* TASK STATEMENT: From the listing below, pull out the lines that hold "import".

* INFORMATION SUPPLIED:
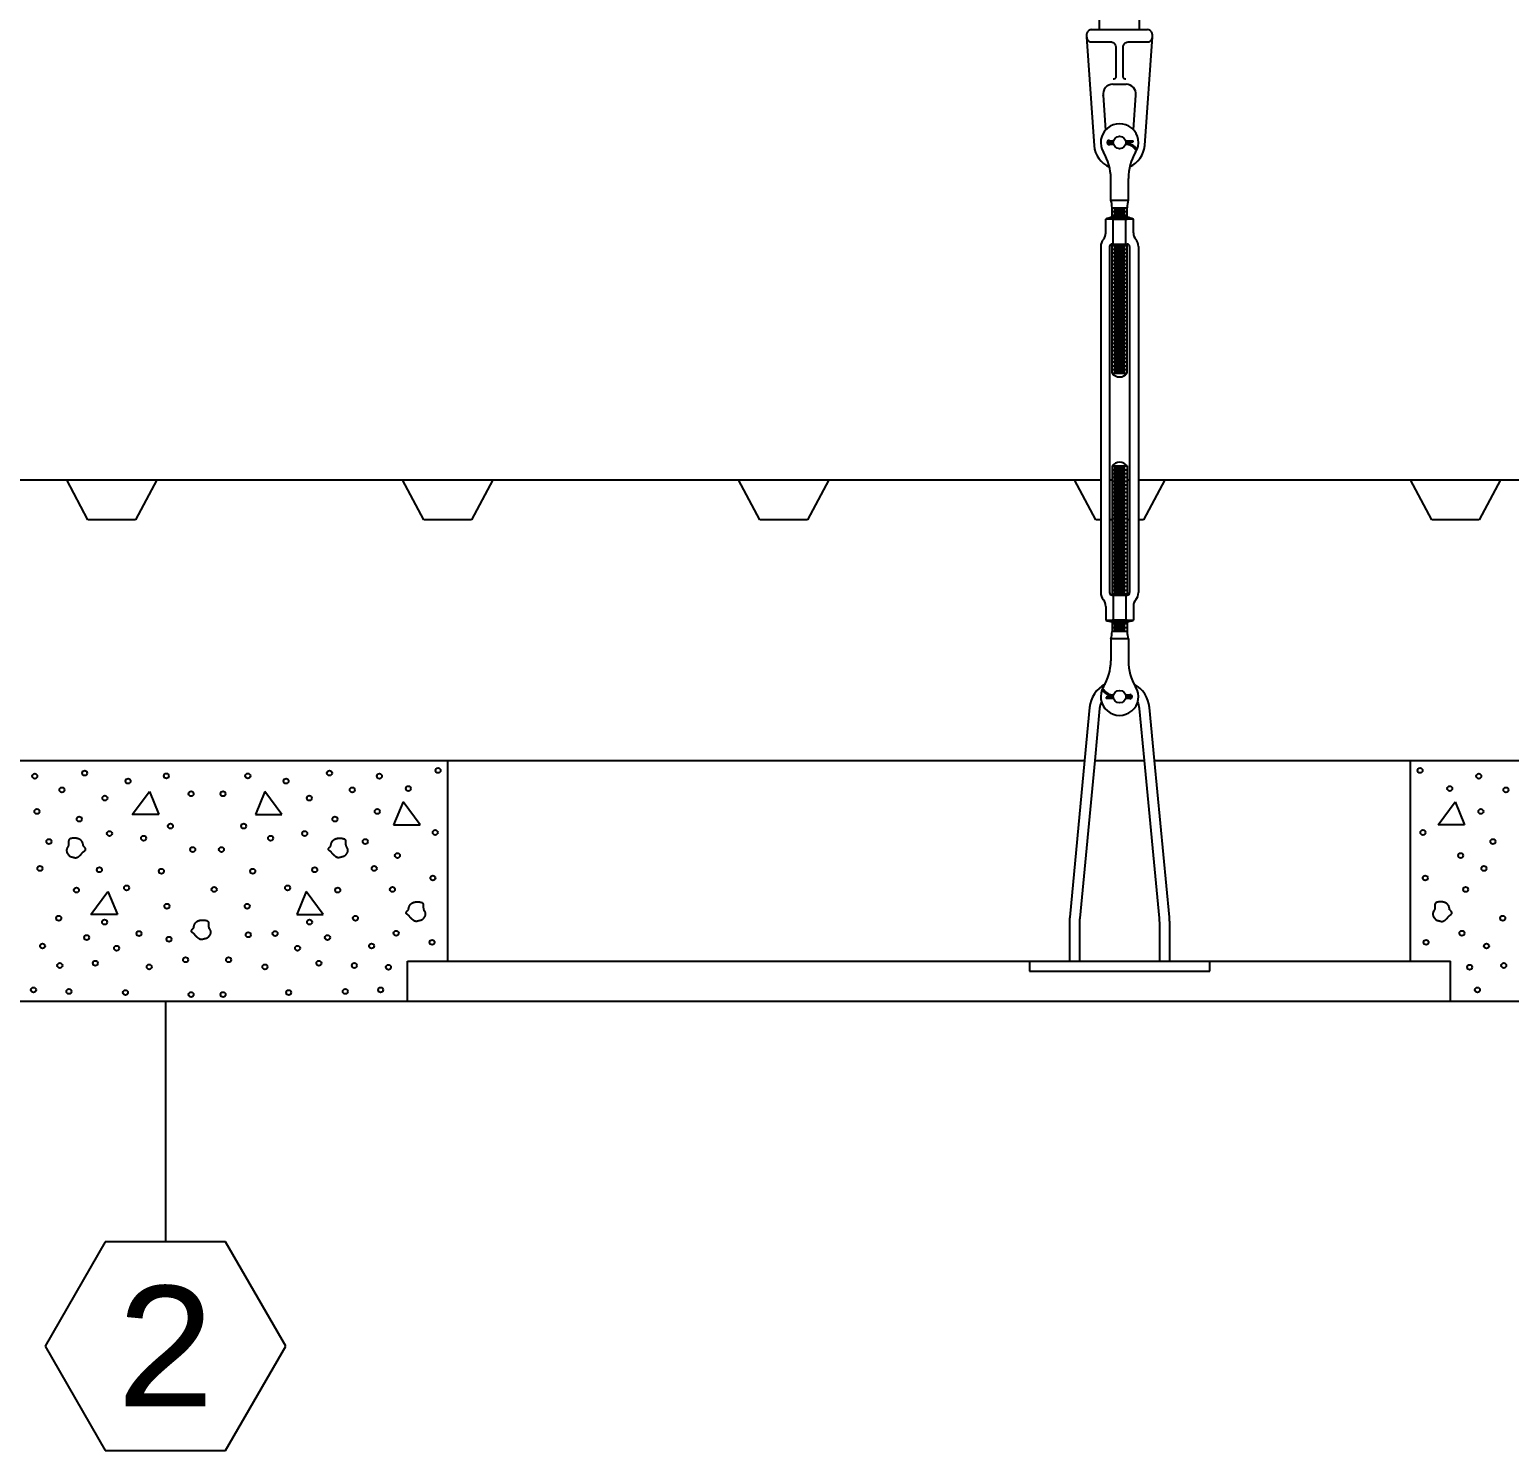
# Model space of a CAD drawing. Extents: x -13 to 326, y -96 to 129.
# Drawn here: x 89.4 to 163.1, y -81.3 to -10.5 of the extents above; entities that cross this region are included whole.
import ezdxf
from ezdxf.enums import TextEntityAlignment as Align

# ---------------------------------------------------------------- set-up
doc = ezdxf.new("R2010")
doc.units = 0
doc.header["$MEASUREMENT"] = 0
doc.layers.add('2', color=7, linetype='Continuous')
doc.styles.get("Standard").update_dxf_attribs({"font": 'monotxt.shx'})

msp = doc.modelspace()

# ---------------------------------------------------------------- linework, layer by layer
at = {"layer": '2', "color": 5, "linetype": 'Continuous'}
for p, q in [((142.717, -10.496), (142.72, 61.314)), ((144.698, -10.496), (144.701, 61.314)), ((142.079, -10.671), (142.069, -10.744)), ((142.069, -10.744), (142.069, -10.863)), ((142.069, -10.863), (142.071, -10.899)), ((142.069, -10.863), (142.444, -16.282)), ((142.071, -10.899), (142.079, -10.936)), ((142.094, -10.635), (142.079, -10.671)), ((142.079, -10.936), (142.094, -10.972)), ((142.115, -10.6), (142.094, -10.635)), ((142.094, -10.972), (142.115, -11.007)), ((142.141, -10.569), (142.115, -10.6)), ((142.115, -11.007), (142.141, -11.038)), ((142.172, -10.542), (142.141, -10.569)), ((142.141, -11.038), (142.172, -11.064)), ((142.207, -10.522), (142.172, -10.542)), ((142.172, -11.064), (142.207, -11.085)), ((142.243, -10.507), (142.207, -10.522)), ((142.28, -10.499), (142.243, -10.507)), ((142.316, -10.496), (142.28, -10.499)), ((142.316, -10.496), (145.099, -10.496)), ((144.964, -16.279), (145.347, -10.862)), ((145.172, -10.507), (145.099, -10.496)), ((145.209, -10.522), (145.172, -10.507)), ((145.243, -10.542), (145.209, -10.522)), ((145.209, -11.085), (145.243, -11.064)), ((145.274, -10.569), (145.243, -10.542)), ((145.243, -11.064), (145.274, -11.038)), ((145.301, -10.6), (145.274, -10.569)), ((145.274, -11.038), (145.301, -11.007)), ((145.321, -10.635), (145.301, -10.6)), ((145.301, -11.007), (145.321, -10.972)), ((145.336, -10.671), (145.321, -10.635)), ((145.321, -10.972), (145.336, -10.936)), ((145.344, -10.708), (145.336, -10.671)), ((145.336, -10.936), (145.347, -10.863)), ((145.347, -10.744), (145.344, -10.708)), ((145.347, -10.863), (145.347, -10.744)), ((142.207, -11.085), (142.243, -11.1)), ((142.243, -11.1), (142.316, -11.11)), ((142.316, -11.11), (143.274, -11.11)), ((143.274, -11.11), (143.31, -11.113)), ((143.31, -11.113), (143.347, -11.121)), ((143.347, -11.121), (143.384, -11.136)), ((143.384, -11.136), (143.418, -11.157)), ((143.418, -11.157), (143.449, -11.183)), ((143.449, -11.183), (143.476, -11.214)), ((143.476, -11.214), (143.497, -11.249)), ((143.497, -11.249), (143.511, -11.285)), ((143.511, -11.285), (143.522, -11.358)), ((143.522, -11.358), (143.522, -12.849)), ((143.893, -11.358), (143.896, -11.322)), ((143.893, -12.849), (143.893, -11.358)), ((143.896, -11.322), (143.904, -11.285)), ((143.904, -11.285), (143.919, -11.249)), ((143.919, -11.249), (143.94, -11.214)), ((143.94, -11.214), (143.966, -11.183)), ((143.966, -11.183), (143.997, -11.157)), ((143.997, -11.157), (144.032, -11.136)), ((144.032, -11.136), (144.068, -11.121)), ((144.068, -11.121), (144.141, -11.11)), ((144.141, -11.11), (145.099, -11.11)), ((145.099, -11.11), (145.135, -11.108)), ((145.135, -11.108), (145.172, -11.1)), ((145.172, -11.1), (145.209, -11.085)), ((143.382, -13.214), (144.035, -13.214)), ((143.435, -12.967), (143.398, -12.973)), ((143.453, -12.96), (143.435, -12.967)), ((143.47, -12.95), (143.453, -12.96)), ((143.486, -12.936), (143.47, -12.95)), ((143.499, -12.921), (143.486, -12.936)), ((143.509, -12.903), (143.499, -12.921)), ((143.517, -12.885), (143.509, -12.903)), ((143.521, -12.867), (143.517, -12.885)), ((143.522, -12.849), (143.521, -12.867)), ((143.899, -12.885), (143.893, -12.849)), ((143.906, -12.903), (143.899, -12.885)), ((143.916, -12.921), (143.906, -12.903)), ((143.93, -12.936), (143.916, -12.921)), ((143.945, -12.95), (143.93, -12.936)), ((143.963, -12.96), (143.945, -12.95)), ((143.981, -12.967), (143.963, -12.96)), ((143.999, -12.971), (143.981, -12.967)), ((144.017, -12.973), (143.999, -12.971)), ((142.892, -13.788), (142.892, -13.757)), ((142.892, -13.757), (143.009, -15.505)), ((144.408, -15.499), (144.528, -13.758)), ((143.199, -16.08), (143.4, -16.095)), ((143.4, -16.157), (143.199, -16.173)), ((143.204, -16.017), (143.412, -16.034)), ((143.412, -16.219), (143.204, -16.235)), ((144.009, -16.034), (144.384, -16.034)), ((144.022, -16.096), (144.384, -16.096)), ((144.384, -16.096), (144.384, -16.034)), ((144.501, -16.489), (144.555, -16.457)), ((143.273, -19.001), (143.273, -17.912)), ((144.148, -19.001), (144.148, -17.912)), ((143.273, -19.001), (144.148, -19.001)), ((143.336, -19.376), (144.086, -19.376)), ((143.336, -19.85), (143.336, -19.376)), ((143.336, -19.559), (144.086, -19.559)), ((143.336, -19.751), (144.086, -19.751)), ((144.086, -19.85), (143.336, -19.85)), ((143.429, -19.47), (143.992, -19.47)), ((143.429, -19.658), (143.992, -19.658)), ((144.086, -19.85), (144.086, -19.376)), ((144.398, -19.939), (143.023, -19.939)), ((143.023, -20.629), (143.023, -19.939)), ((143.336, -19.939), (144.086, -19.939)), ((143.398, -21.189), (143.398, -19.939)), ((144.023, -21.189), (144.023, -19.939)), ((144.398, -20.629), (144.398, -19.939)), ((142.773, -21.314), (142.773, -38.564)), ((143.211, -21.314), (143.211, -38.564)), ((143.336, -27.626), (143.336, -21.189)), ((143.336, -21.189), (144.086, -21.189)), ((143.336, -21.251), (144.086, -21.251)), ((143.429, -21.345), (143.992, -21.345)), ((144.086, -27.626), (144.086, -21.189)), ((144.211, -21.314), (144.211, -38.564)), ((144.648, -21.314), (144.648, -38.564)), ((143.336, -21.439), (144.086, -21.439)), ((143.336, -21.626), (144.086, -21.626)), ((143.336, -21.814), (144.086, -21.814)), ((143.336, -22.001), (144.086, -22.001)), ((143.429, -21.533), (143.992, -21.533)), ((143.429, -21.72), (143.992, -21.72)), ((143.429, -21.908), (143.992, -21.908)), ((143.429, -22.095), (143.992, -22.095)), ((143.336, -22.189), (144.086, -22.189)), ((143.336, -22.376), (144.086, -22.376)), ((143.336, -22.564), (144.086, -22.564)), ((143.336, -22.751), (144.086, -22.751)), ((143.429, -22.283), (143.992, -22.283)), ((143.429, -22.47), (143.992, -22.47)), ((143.429, -22.658), (143.992, -22.658)), ((143.429, -22.845), (143.992, -22.845)), ((143.336, -22.939), (144.086, -22.939)), ((143.336, -23.126), (144.086, -23.126)), ((143.336, -23.314), (144.086, -23.314)), ((143.336, -23.501), (144.086, -23.501)), ((143.429, -23.033), (143.992, -23.033)), ((143.429, -23.22), (143.992, -23.22)), ((143.429, -23.408), (143.992, -23.408)), ((143.429, -23.595), (143.992, -23.595)), ((143.336, -23.689), (144.086, -23.689)), ((143.336, -23.876), (144.086, -23.876)), ((143.336, -24.064), (144.086, -24.064)), ((143.336, -24.251), (144.086, -24.251)), ((143.429, -23.783), (143.992, -23.783)), ((143.429, -23.97), (143.992, -23.97)), ((143.429, -24.158), (143.992, -24.158)), ((143.429, -24.345), (143.992, -24.345)), ((143.336, -24.439), (144.086, -24.439)), ((143.336, -24.626), (144.086, -24.626)), ((143.336, -24.814), (144.086, -24.814)), ((143.336, -25.001), (144.086, -25.001)), ((143.429, -24.533), (143.992, -24.533)), ((143.429, -24.72), (143.992, -24.72)), ((143.429, -24.908), (143.992, -24.908)), ((143.336, -25.189), (144.086, -25.189)), ((143.336, -25.376), (144.086, -25.376)), ((143.336, -25.564), (144.086, -25.564)), ((143.336, -25.751), (144.086, -25.751)), ((143.429, -25.095), (143.992, -25.095)), ((143.429, -25.283), (143.992, -25.283)), ((143.429, -25.47), (143.992, -25.47)), ((143.429, -25.658), (143.992, -25.658)), ((143.336, -25.939), (144.086, -25.939)), ((143.336, -26.126), (144.086, -26.126)), ((143.336, -26.314), (144.086, -26.314)), ((143.336, -26.501), (144.086, -26.501)), ((143.429, -25.845), (143.992, -25.845)), ((143.429, -26.033), (143.992, -26.033)), ((143.429, -26.22), (143.992, -26.22)), ((143.429, -26.408), (143.992, -26.408)), ((143.336, -26.689), (144.086, -26.689)), ((143.336, -26.876), (144.086, -26.876)), ((143.336, -27.064), (144.086, -27.064)), ((143.336, -27.251), (144.086, -27.251)), ((143.429, -26.595), (143.992, -26.595)), ((143.429, -26.783), (143.992, -26.783)), ((143.429, -26.97), (143.992, -26.97)), ((143.429, -27.158), (143.992, -27.158)), ((143.336, -27.439), (144.086, -27.439)), ((143.336, -27.626), (144.086, -27.626)), ((143.429, -27.345), (143.992, -27.345)), ((143.429, -27.533), (143.992, -27.533)), ((143.336, -32.251), (143.336, -38.689)), ((143.336, -32.251), (144.086, -32.251)), ((143.336, -32.439), (144.086, -32.439)), ((143.429, -32.345), (143.992, -32.345)), ((144.086, -32.251), (144.086, -38.689)), ((77.648, -32.936), (142.773, -32.936)), ((92.273, -34.936), (91.211, -32.936)), ((95.711, -32.936), (94.648, -34.936)), ((109.023, -34.936), (107.961, -32.936)), ((112.461, -32.936), (111.398, -34.936)), ((125.773, -34.936), (124.711, -32.936)), ((129.211, -32.936), (128.148, -34.936)), ((142.523, -34.936), (141.461, -32.936)), ((143.211, -32.936), (143.336, -32.936)), ((143.336, -32.626), (144.086, -32.626)), ((143.336, -32.814), (144.086, -32.814)), ((143.336, -33.001), (144.086, -33.001)), ((143.336, -33.189), (144.086, -33.189)), ((143.429, -32.533), (143.992, -32.533)), ((143.429, -32.72), (143.992, -32.72)), ((143.429, -32.908), (143.992, -32.908)), ((143.429, -33.095), (143.992, -33.095)), ((144.086, -32.936), (144.211, -32.936)), ((144.648, -32.936), (195.773, -32.936)), ((145.961, -32.936), (144.898, -34.936)), ((159.273, -34.936), (158.211, -32.936)), ((162.711, -32.936), (161.648, -34.936)), ((143.336, -33.376), (144.086, -33.376)), ((143.336, -33.564), (144.086, -33.564)), ((143.336, -33.751), (144.086, -33.751)), ((143.336, -33.939), (144.086, -33.939)), ((143.429, -33.283), (143.992, -33.283)), ((143.429, -33.47), (143.992, -33.47)), ((143.429, -33.658), (143.992, -33.658)), ((143.429, -33.845), (143.992, -33.845)), ((143.336, -34.126), (144.086, -34.126)), ((143.336, -34.314), (144.086, -34.314)), ((143.336, -34.501), (144.086, -34.501)), ((143.429, -34.033), (143.992, -34.033)), ((143.429, -34.22), (143.992, -34.22)), ((143.429, -34.408), (143.992, -34.408)), ((143.429, -34.595), (143.992, -34.595)), ((94.648, -34.936), (92.273, -34.936)), ((111.398, -34.936), (109.023, -34.936)), ((128.148, -34.936), (125.773, -34.936)), ((142.773, -34.936), (142.523, -34.936)), ((143.336, -34.939), (143.211, -34.939)), ((143.336, -34.689), (144.086, -34.689)), ((143.336, -34.876), (144.086, -34.876)), ((143.336, -35.064), (144.086, -35.064)), ((143.336, -35.251), (144.086, -35.251)), ((143.429, -34.783), (143.992, -34.783)), ((143.429, -34.97), (143.992, -34.97)), ((143.429, -35.158), (143.992, -35.158)), ((143.429, -35.345), (143.992, -35.345)), ((144.211, -34.939), (144.086, -34.939)), ((144.898, -34.936), (144.648, -34.936)), ((161.648, -34.936), (159.273, -34.936)), ((143.336, -35.439), (144.086, -35.439)), ((143.336, -35.626), (144.086, -35.626)), ((143.336, -35.814), (144.086, -35.814)), ((143.336, -36.001), (144.086, -36.001)), ((143.429, -35.533), (143.992, -35.533)), ((143.429, -35.72), (143.992, -35.72)), ((143.429, -35.908), (143.992, -35.908)), ((143.429, -36.095), (143.992, -36.095)), ((143.336, -36.189), (144.086, -36.189)), ((143.336, -36.376), (144.086, -36.376)), ((143.336, -36.564), (144.086, -36.564)), ((143.336, -36.751), (144.086, -36.751)), ((143.429, -36.283), (143.992, -36.283)), ((143.429, -36.47), (143.992, -36.47)), ((143.429, -36.658), (143.992, -36.658)), ((143.429, -36.845), (143.992, -36.845)), ((143.336, -36.939), (144.086, -36.939)), ((143.336, -37.126), (144.086, -37.126)), ((143.336, -37.314), (144.086, -37.314)), ((143.336, -37.501), (144.086, -37.501)), ((143.429, -37.033), (143.992, -37.033)), ((143.429, -37.22), (143.992, -37.22)), ((143.429, -37.408), (143.992, -37.408)), ((143.429, -37.595), (143.992, -37.595)), ((143.336, -37.689), (144.086, -37.689)), ((143.336, -37.876), (144.086, -37.876)), ((143.336, -38.064), (144.086, -38.064)), ((143.336, -38.251), (144.086, -38.251)), ((143.429, -37.783), (143.992, -37.783)), ((143.429, -37.97), (143.992, -37.97)), ((143.429, -38.158), (143.992, -38.158)), ((143.429, -38.345), (143.992, -38.345)), ((143.336, -38.439), (144.086, -38.439)), ((143.336, -38.626), (144.086, -38.626)), ((143.336, -38.689), (144.086, -38.689)), ((143.398, -38.689), (143.398, -39.939)), ((143.429, -38.533), (143.992, -38.533)), ((144.023, -38.689), (144.023, -39.939)), ((143.023, -39.249), (143.023, -39.939)), ((144.398, -39.249), (144.398, -39.939)), ((143.023, -39.939), (144.398, -39.939)), ((144.086, -39.939), (143.336, -39.939)), ((143.336, -40.028), (143.336, -40.501)), ((143.336, -40.028), (144.086, -40.028)), ((144.086, -40.126), (143.336, -40.126)), ((144.086, -40.319), (143.336, -40.319)), ((144.086, -40.501), (143.336, -40.501)), ((143.992, -40.22), (143.429, -40.22)), ((143.992, -40.408), (143.429, -40.408)), ((144.086, -40.028), (144.086, -40.501)), ((143.273, -40.876), (143.273, -41.966)), ((144.148, -40.876), (143.273, -40.876)), ((144.148, -40.876), (144.148, -41.966)), ((142.92, -43.389), (142.866, -43.421)), ((143.4, -43.782), (143.037, -43.782)), ((143.037, -43.782), (143.037, -43.844)), ((143.412, -43.844), (143.037, -43.844)), ((144.009, -43.659), (144.218, -43.642)), ((144.218, -43.86), (144.009, -43.844)), ((144.022, -43.72), (144.223, -43.705)), ((144.223, -43.798), (144.022, -43.782)), ((142.219, -44.3), (141.968, -46.942)), ((142.717, -44.347), (142.471, -46.942)), ((144.954, -46.942), (144.708, -44.347)), ((145.456, -46.942), (145.205, -44.3)), ((78.456, -46.939), (141.969, -46.939)), ((110.212, -56.939), (110.212, -46.939)), ((141.968, -46.942), (141.228, -54.753)), ((142.471, -46.942), (141.726, -54.8)), ((142.471, -46.939), (144.953, -46.939)), ((145.699, -54.8), (144.954, -46.942)), ((145.456, -46.939), (194.967, -46.939)), ((146.197, -54.753), (145.456, -46.942)), ((158.212, -56.939), (158.212, -46.939)), ((94.482, -49.635), (95.334, -48.486)), ((95.334, -48.486), (95.804, -49.635)), ((101.09, -48.486), (100.62, -49.635)), ((101.942, -49.635), (101.09, -48.486)), ((107.981, -49), (107.511, -50.149)), ((108.833, -50.149), (107.981, -49)), ((159.592, -50.149), (160.443, -49)), ((160.443, -49), (160.913, -50.149)), ((95.804, -49.635), (94.482, -49.635)), ((100.62, -49.635), (101.942, -49.635)), ((107.511, -50.149), (108.833, -50.149)), ((160.913, -50.149), (159.592, -50.149)), ((92.416, -54.609), (93.268, -53.459)), ((93.268, -53.459), (93.738, -54.609)), ((103.157, -53.459), (102.686, -54.609)), ((104.008, -54.609), (103.157, -53.459)), ((93.738, -54.609), (92.416, -54.609)), ((102.686, -54.609), (104.008, -54.609)), ((141.212, -55.084), (141.212, -56.942)), ((141.712, -55.084), (141.712, -56.942)), ((145.712, -56.942), (145.712, -55.084)), ((146.212, -56.942), (146.212, -55.084)), ((108.212, -56.939), (160.212, -56.939)), ((108.212, -58.939), (108.212, -56.939)), ((139.212, -56.942), (139.212, -57.442)), ((139.212, -57.442), (148.212, -57.442)), ((148.212, -57.442), (148.212, -56.942)), ((160.212, -58.939), (160.212, -56.939)), ((26.212, -58.939), (222.7, -58.939)), ((96.135, -58.939), (96.135, -70.939)), ((93.135, -70.939), (90.135, -76.135)), ((99.135, -70.939), (93.135, -70.939)), ((102.135, -76.135), (99.135, -70.939)), ((90.135, -76.135), (93.135, -81.331)), ((99.135, -81.331), (102.135, -76.135)), ((93.135, -81.331), (99.135, -81.331))]:
    msp.add_line(p, q, dxfattribs=at)
for points in [[(92.044, -51.199), (92.042, -51.182, 0.004785), (92.04, -51.164, 0.004913), (92.037, -51.147, 0.005179), (92.034, -51.131, 0.005594), (92.03, -51.115, 0.005983), (92.026, -51.099, 0.006362), (92.022, -51.084, 0.006756), (92.018, -51.069, 0.00718), (92.013, -51.054, 0.007603), (92.008, -51.04, 0.008039), (92.002, -51.026, 0.008471), (91.996, -51.013, 0.00891), (91.99, -51, 0.009333), (91.983, -50.988, 0.00975), (91.976, -50.976, 0.010138), (91.969, -50.964, 0.010509), (91.961, -50.953, 0.010826), (91.952, -50.942, 0.011103), (91.943, -50.932, 0.011341), (91.934, -50.922, 0.011564), (91.924, -50.912, 0.011551), (91.914, -50.903, 0.011336), (91.903, -50.895, 0.011036), (91.892, -50.886, 0.010634), (91.881, -50.879, 0.010268), (91.869, -50.871, 0.009897), (91.856, -50.864, 0.009544), (91.844, -50.858, 0.009179), (91.831, -50.852, 0.008841), (91.817, -50.846, 0.008503), (91.803, -50.841, 0.008191), (91.789, -50.836, 0.007883), (91.775, -50.831, 0.007603), (91.761, -50.827, 0.007329), (91.746, -50.823, 0.007081), (91.731, -50.82, 0.006841), (91.716, -50.817, 0.006626), (91.7, -50.814, 0.006419), (91.685, -50.812, 0.006236), (91.669, -50.81, 0.006061), (91.653, -50.809, 0.005907), (91.637, -50.808, 0.005763), (91.621, -50.807, 0.005637), (91.604, -50.806, 0.005521), (91.588, -50.806, 0.005421), (91.572, -50.807, 0.005329), (91.555, -50.807, 0.005258), (91.539, -50.808, 0.005201), (91.522, -50.81, 0.00514), (91.506, -50.811, 0.005062), (91.489, -50.814, 0.005083), (91.473, -50.816, 0.005221), (91.456, -50.819, 0.006031), (91.44, -50.822, 0.007829), (91.425, -50.825, 0.009649), (91.409, -50.83, 0.011932), (91.395, -50.835, 0.014416), (91.381, -50.84, 0.017553), (91.369, -50.847, 0.021223), (91.357, -50.854, 0.025951), (91.347, -50.862, 0.03001), (91.338, -50.871, 0.033019), (91.33, -50.882, 0.032883), (91.324, -50.893, 0.029027), (91.319, -50.905, 0.025269), (91.315, -50.918, 0.021469), (91.311, -50.931, 0.017986), (91.309, -50.945, 0.014521), (91.308, -50.96, 0.011672), (91.306, -50.975, 0.008962), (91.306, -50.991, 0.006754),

* RESPONSE TO THE EXERCISE:
import ezdxf
from ezdxf.enums import TextEntityAlignment as Align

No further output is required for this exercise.